Regression is one of the most **useful statistical methods**. It is used in **many different fields**, including economics, marketing, and psychology. It can be applied to almost any dataset, providing you have adequate variables to represent your data.

Regression uses the least-squares regression line to find the *best fit line* for your data. The least-*squares regression line minimizes* the sum of the squares of the errors (residuals) between the observed values and those predicted by the line.

What are errors, residuals, and why do we want the sum of them to be zero? Errors are simply the difference between an observed value and its corresponding predicted value on the line. Residuals are simply the average of these errors over all observed values. We want the sum of these residuals to be zero because it would mean that all observations were located on the line, which would indicate that your model is accurate.

## Equivalent to zero

When the least-squares regression line is calculated, the algorithm finds a line that best fits the data points on the graph.

The algorithm finds a line that passes through as **many data points** as possible and has the lowest variance of difference from the actual values.

What does that mean?

A best-fitting line has the least amount of error between what it predicts and what the truth is. For example, a line that predicted income as $0 would have a *large error – someone making* $100,**000 per year would** be told they earn $0!

The variance of difference is how **much individual data points differ** from their corresponding predicted value. For example, if all people with income

## Maximally spread out

A ** linear regression model assumes** that the dependent variable (y-axis) is a

*linear function*of the independent variables (x-axis).
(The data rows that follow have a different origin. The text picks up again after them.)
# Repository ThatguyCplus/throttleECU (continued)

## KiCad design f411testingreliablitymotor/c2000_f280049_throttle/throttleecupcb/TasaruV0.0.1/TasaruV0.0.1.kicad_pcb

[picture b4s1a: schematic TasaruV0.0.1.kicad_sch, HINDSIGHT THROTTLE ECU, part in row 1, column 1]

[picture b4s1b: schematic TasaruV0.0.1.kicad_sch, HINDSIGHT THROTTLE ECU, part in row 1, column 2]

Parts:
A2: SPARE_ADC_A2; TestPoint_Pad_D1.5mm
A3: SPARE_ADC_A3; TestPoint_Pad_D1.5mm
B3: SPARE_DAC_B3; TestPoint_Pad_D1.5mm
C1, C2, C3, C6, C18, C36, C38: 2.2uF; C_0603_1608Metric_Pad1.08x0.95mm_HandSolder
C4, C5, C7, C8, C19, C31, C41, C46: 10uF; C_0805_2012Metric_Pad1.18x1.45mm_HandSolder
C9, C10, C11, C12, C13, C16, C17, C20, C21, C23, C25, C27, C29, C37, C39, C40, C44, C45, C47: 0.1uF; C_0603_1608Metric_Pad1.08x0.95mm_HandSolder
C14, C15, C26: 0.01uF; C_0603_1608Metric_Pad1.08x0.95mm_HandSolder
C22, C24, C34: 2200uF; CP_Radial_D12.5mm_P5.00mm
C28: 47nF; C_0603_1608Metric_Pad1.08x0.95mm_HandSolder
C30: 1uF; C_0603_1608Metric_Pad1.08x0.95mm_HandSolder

You can imagine this as fitting a line through as many points on the graph as possible. The line should pass through as many points on the graph as possible while being as straight as possible.

The more curved the line, the less fit it is to the data. A straight line is most fit to the data.

How can we determine if a linear regression model is good or not? The answer lies in the residuals, which are simply the difference between an observation’s y-value and the predicted y-value corresponding to a given x-value.

## Dependent on the Y value

Residuals are the differences between the **observed dependent variable values** and the

**predicted dependent variable values based**on the independent variables.

As mentioned before, in least-squares regression, the *predicted value* for the dependent variable is found by fitting a line to all of the data points.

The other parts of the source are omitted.